What to produce >>
Search for the word "sketch" in the entries. Each line that holds it should be copied.

──────── Data provided

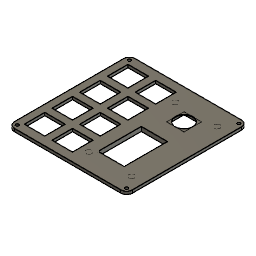
Top Plate (Autodesk Fusion 360 design; units mm, degrees)
part number: 2026-05-17-10-10-12-602
Autodesk Fusion 360 part; units mm, degrees
(part 1 of 3)
box "BoxPrimitive1" add length 100 width 50 height 2.5 placed x (0, 0, 1) y (1, 0, 0) z (0, 1, 0) at (0, 0, 0)
sketch "Sketch2" plane through (0, 2.5, 0) normal (0, 1, 0) x (-1, 0, 0)
  line L0 (0, 100) -> (-50, 100)
  line L1 (-50, 100) -> (-50, 0)
  line L2 (-50, 0) -> (0, 0)
  line L3 (0, 0) -> (0, 100)
  line L4 (-5, 95) -> (-19, 95)
  line L5 (-19, 95) -> (-19, 81)
  line L6 (-19, 81) -> (-5, 81)
  line L7 (-5, 81) -> (-5, 95)
  line L8 (-5, 95) -> (-19, 81) construction
  line L9 (-19, 95) -> (-5, 81) construction
  line L10 (-24.05, 95) -> (-38.05, 95)
  line L11 (-38.05, 95) -> (-38.05, 81)
  line L12 (-38.05, 81) -> (-24.05, 81)
  line L13 (-24.05, 81) -> (-24.05, 95)
  line L14 (-24.05, 95) -> (-38.05, 81) construction
  line L15 (-38.05, 95) -> (-24.05, 81) construction
  line L16 (-12, 88) -> (-31.05, 88)
  line L17 (-31.05, 88) -> (-31.05, 68.95)
  line L18 (-24.05, 75.95) -> (-38.05, 75.95)
  line L19 (-38.05, 75.95) -> (-38.05, 61.95)
  line L20 (-38.05, 61.95) -> (-24.05, 61.95)
  line L21 (-24.05, 61.95) -> (-24.05, 75.95)
  line L22 (-24.05, 75.95) -> (-38.05, 61.95) construction
  line L23 (-38.05, 75.95) -> (-24.05, 61.95) construction
  line L24 (-31.05, 68.95) -> (-31.05, 49.9)
  line L25 (-31.05, 49.9) -> (-12, 49.9)
  line L26 (-12, 49.9) -> (-12, 30.85)
  line L27 (-12, 30.85) -> (-31.05, 30.85)
  line L28 (-31.05, 30.85) -> (-31.05, 11.8)
  line L29 (-31.05, 11.8) -> (-12, 11.8)
  line L30 (-12, 49.9) -> (-12, 68.95)
  line L31 (-5, 61.95) -> (-19, 61.95)
  line L32 (-19, 61.95) -> (-19, 75.95)
  line L33 (-19, 75.95) -> (-5, 75.95)
  line L34 (-5, 75.95) -> (-5, 61.95)
  line L35 (-5, 61.95) -> (-19, 75.95) construction
  line L36 (-19, 61.95) -> (-5, 75.95) construction
  line L37 (-5, 56.9) -> (-19, 56.9)
  line L38 (-19, 56.9) -> (-19, 42.9)
  line L39 (-19, 42.9) -> (-5, 42.9)
  line L40 (-5, 42.9) -> (-5, 56.9)
  line L41 (-5, 56.9) -> (-19, 42.9) construction
  line L42 (-19, 56.9) -> (-5, 42.9) construction
  line L43 (-24.05, 42.9) -> (-38.05, 42.9)
  line L44 (-38.05, 42.9) -> (-38.05, 56.9)
  line L45 (-38.05, 56.9) -> (-24.05, 56.9)
  line L46 (-24.05, 56.9) -> (-24.05, 42.9)
  line L47 (-24.05, 42.9) -> (-38.05, 56.9) construction
  line L48 (-38.05, 42.9) -> (-24.05, 56.9) construction
  line L49 (-24.05, 23.85) -> (-38.05, 23.85)
  line L50 (-38.05, 23.85) -> (-38.05, 37.85)
  line L51 (-38.05, 37.85) -> (-24.05, 37.85)
  line L52 (-24.05, 37.85) -> (-24.05, 23.85)
  line L53 (-24.05, 23.85) -> (-38.05, 37.85) construction
  line L54 (-38.05, 23.85) -> (-24.05, 37.85) construction
  line L55 (-5, 23.85) -> (-19, 23.85)
  line L56 (-19, 23.85) -> (-19, 37.85)
  line L57 (-19, 37.85) -> (-5, 37.85)
  line L58 (-5, 37.85) -> (-5, 23.85)
  line L59 (-5, 23.85) -> (-19, 37.85) construction
  line L60 (-19, 23.85) -> (-5, 37.85) construction
  point P0 (-12, 88)
  point P1 (-31.05, 88)
  point P2 (-31.05, 68.95)
  point P3 (-12, 68.95)
  point P4 (-12, 49.9)
  point P5 (-31.05, 49.9)
  point P6 (-31.05, 30.85)
  point P7 (-12, 30.85)
  dimension "d8" = 14
  dimension "d9" = 14
  dimension "d10" = 14
  dimension "d11" = 14
  dimension "d12" = 19.05
  dimension "d13" = 19.05
  dimension "d14" = 14
  dimension "d15" = 14
  dimension "d16" = 19.05
  dimension "d17" = 19.05
  dimension "d18" = 19.05
  dimension "d19" = 19.05
  dimension "d20" = 19.05
  dimension "d21" = 19.05
  dimension "d22" = 19.05
  dimension "d23" = 14
  dimension "d24" = 14
  dimension "d25" = 14
  dimension "d26" = 14
  dimension "d27" = 14
  dimension "d28" = 14
  dimension "d29" = 14
  dimension "d30" = 14
  dimension "d31" = 14
  dimension "d32" = 14
  constraint horizontal L4
  constraint perpendicular L4 L5
  constraint parallel L4 L6
  constraint parallel L5 L7
  constraint coincident L8 P0
  constraint coincident L9 P0
  constraint horizontal L10
  constraint perpendicular L10 L11
  constraint parallel L10 L12
  constraint parallel L11 L13
  constraint coincident L14 P1
  constraint coincident L15 P1
  constraint coincident P0 L16.start
  constraint parallel L6 L16
  constraint coincident P1 L16.end
  constraint perpendicular L12 L17
  constraint horizontal L18
  constraint perpendicular L18 L19
  constraint parallel L18 L20
  constraint parallel L19 L21
  constraint coincident L22 P2
  constraint coincident L23 P2
  constraint coincident P2 L17.end
  constraint perpendicular L20 L24
  constraint perpendicular L24 L25
  constraint perpendicular L25 L26
  constraint perpendicular L26 L27
  constraint perpendicular L27 L28
  constraint perpendicular L28 L29
  constraint perpendicular L25 L30
  constraint horizontal L31
  constraint perpendicular L31 L32
  constraint parallel L31 L33
  constraint parallel L32 L34
  constraint coincident L35 P3
  constraint coincident L36 P3
  constraint coincident P3 L30.end
  constraint horizontal L37
  constraint perpendicular L37 L38
  constraint parallel L37 L39
  constraint parallel L38 L40
  constraint coincident L41 P4
  constraint coincident L42 P4
  constraint coincident P4 L25.end
  constraint horizontal L43
  constraint perpendicular L43 L44
  constraint parallel L43 L45
  constraint parallel L44 L46
  constraint coincident L47 P5
  constraint coincident L48 P5
  constraint coincident P5 L24.end
  constraint horizontal L49
  constraint perpendicular L49 L50
  constraint parallel L49 L51
  constraint parallel L50 L52
  constraint coincident L53 P6
  constraint coincident L54 P6
  constraint coincident P6 L27.end
  constraint horizontal L55
  constraint perpendicular L55 L56
  constraint parallel L55 L57
  constraint parallel L56 L58
  constraint coincident L59 P7
  constraint coincident L60 P7
  constraint coincident P7 L26.end
  measures "d8" distance of L5.end L6.end
  measures "d9" distance of L4.end L5.end
  measures "d10" distance of L11.end L12.end
  measures "d11" distance of L10.end L11.end
  measures "d12" distance of P0 P1
  measures "d13" distance of P1 P2
  measures "d14" distance of L19.end L20.end
  measures "d15" distance of L18.end L19.end
  measures "d16" distance of P2 P5
  measures "d17" distance of P5 P4
  measures "d18" distance of P4 P7
  measures "d19" distance of P7 P6
  measures "d20" distance of P6 L28.end
  measures "d21" distance of L28.end L29.end
  measures "d22" distance of P4 P3
  measures "d23" distance of L32.end L33.end
  measures "d24" distance of L31.end L32.end
  measures "d25" distance of L38.end L39.end
  measures "d26" distance of L37.end L38.end
  measures "d27" distance of L44.end L45.end
  measures "d28" distance of L43.end L44.end
  measures "d29" distance of L50.end L51.end
  measures "d30" distance of L49.end L50.end
  measures "d31" distance of L56.end L57.end
  measures "d32" distance of L55.end L56.end
extrude "Extrude1" cut sketch "Sketch2" against normal blind 10 contours L4 L5 L6 L7 | L10 L11 L12 L13 L16 L17 | L12 L13 L16 L17 | L17 L18 L20 L21 L24 | L17 L18 L19 L20 L24 | L24 L25 L45 L46 | L24 L25 L43 L44 L45 L46 | L25 L30 L37 L38 | L25 L26 L38 L39 | L26 L30 L37 L39 L40 | L26 L27 L55 L56 L57 L58 | L26 L27 L56 L57 | L27 L28 L49 L52 | L27 L28 L49 L50 L51 L52 | L31 L32 L33 L34
sketch "Sketch3" plane through (0, 2.5, 0) normal (0, 1, 0) x (-1, 0, 0)
  line L0 (0, 100) -> (-50, 100)
  line L1 (-50, 100) -> (-50, 0)
  line L2 (-50, 0) -> (0, 0)
  line L3 (0, 0) -> (0, 100)
  line L4 (-38.05, 95) -> (-24.05, 95)
  line L5 (-24.05, 95) -> (-24.05, 81)
  line L6 (-24.05, 81) -> (-38.05, 81)
  line L7 (-38.05, 81) -> (-38.05, 95)
  line L8 (-19, 61.95) -> (-19, 75.95)
  line L9 (-19, 75.95) -> (-5, 75.95)
  line L10 (-5, 75.95) -> (-5, 61.95)
  line L11 (-5, 61.95) -> (-19, 61.95)
  line L12 (-38.05, 23.85) -> (-38.05, 37.85)
  line L13 (-38.05, 37.85) -> (-24.05, 37.85)
  line L14 (-24.05, 37.85) -> (-24.05, 23.85)
  line L15 (-24.05, 23.85) -> (-38.05, 23.85)
  line L16 (-19, 95) -> (-5, 95)
  line L17 (-5, 95) -> (-5, 81)
  line L18 (-5, 81) -> (-19, 81)
  line L19 (-19, 81) -> (-19, 95)
  line L20 (-38.05, 75.95) -> (-24.05, 75.95)
  line L21 (-24.05, 75.95) -> (-24.05, 61.95)
  line L22 (-24.05, 61.95) -> (-38.05, 61.95)
  line L23 (-38.05, 61.95) -> (-38.05, 75.95)
  line L24 (-19, 56.9) -> (-5, 56.9)
  line L25 (-5, 56.9) -> (-5, 42.9)
  line L26 (-5, 42.9) -> (-19, 42.9)
  line L27 (-19, 42.9) -> (-19, 56.9)
  line L28 (-19, 23.85) -> (-19, 37.85)
  line L29 (-19, 37.85) -> (-5, 37.85)
  line L30 (-5, 37.85) -> (-5, 23.85)
  line L31 (-5, 23.85) -> (-19, 23.85)
  line L32 (-38.05, 42.9) -> (-38.05, 56.9)
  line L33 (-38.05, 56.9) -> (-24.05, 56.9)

────────────────

Finished task >>
sketch "Sketch2" plane through (0, 2.5, 0) normal (0, 1, 0) x (-1, 0, 0)
extrude "Extrude1" cut sketch "Sketch2" against normal blind 10 contours L4 L5 L6 L7 | L10 L11 L12 L13 L16 L17 | L12 L13 L16 L17 | L17 L18 L20 L21 L24 | L17 L18 L19 L20 L24 | L24 L25 L45 L46 | L24 L25 L43 L44 L45 L46 | L25 L30 L37 L38 | L25 L26 L38 L39 | L26 L30 L37 L39 L40 | L26 L27 L55 L56 L57 L58 | L26 L27 L56 L57 | L27 L28 L49 L52 | L27 L28 L49 L50 L51 L52 | L31 L32 L33 L34
sketch "Sketch3" plane through (0, 2.5, 0) normal (0, 1, 0) x (-1, 0, 0)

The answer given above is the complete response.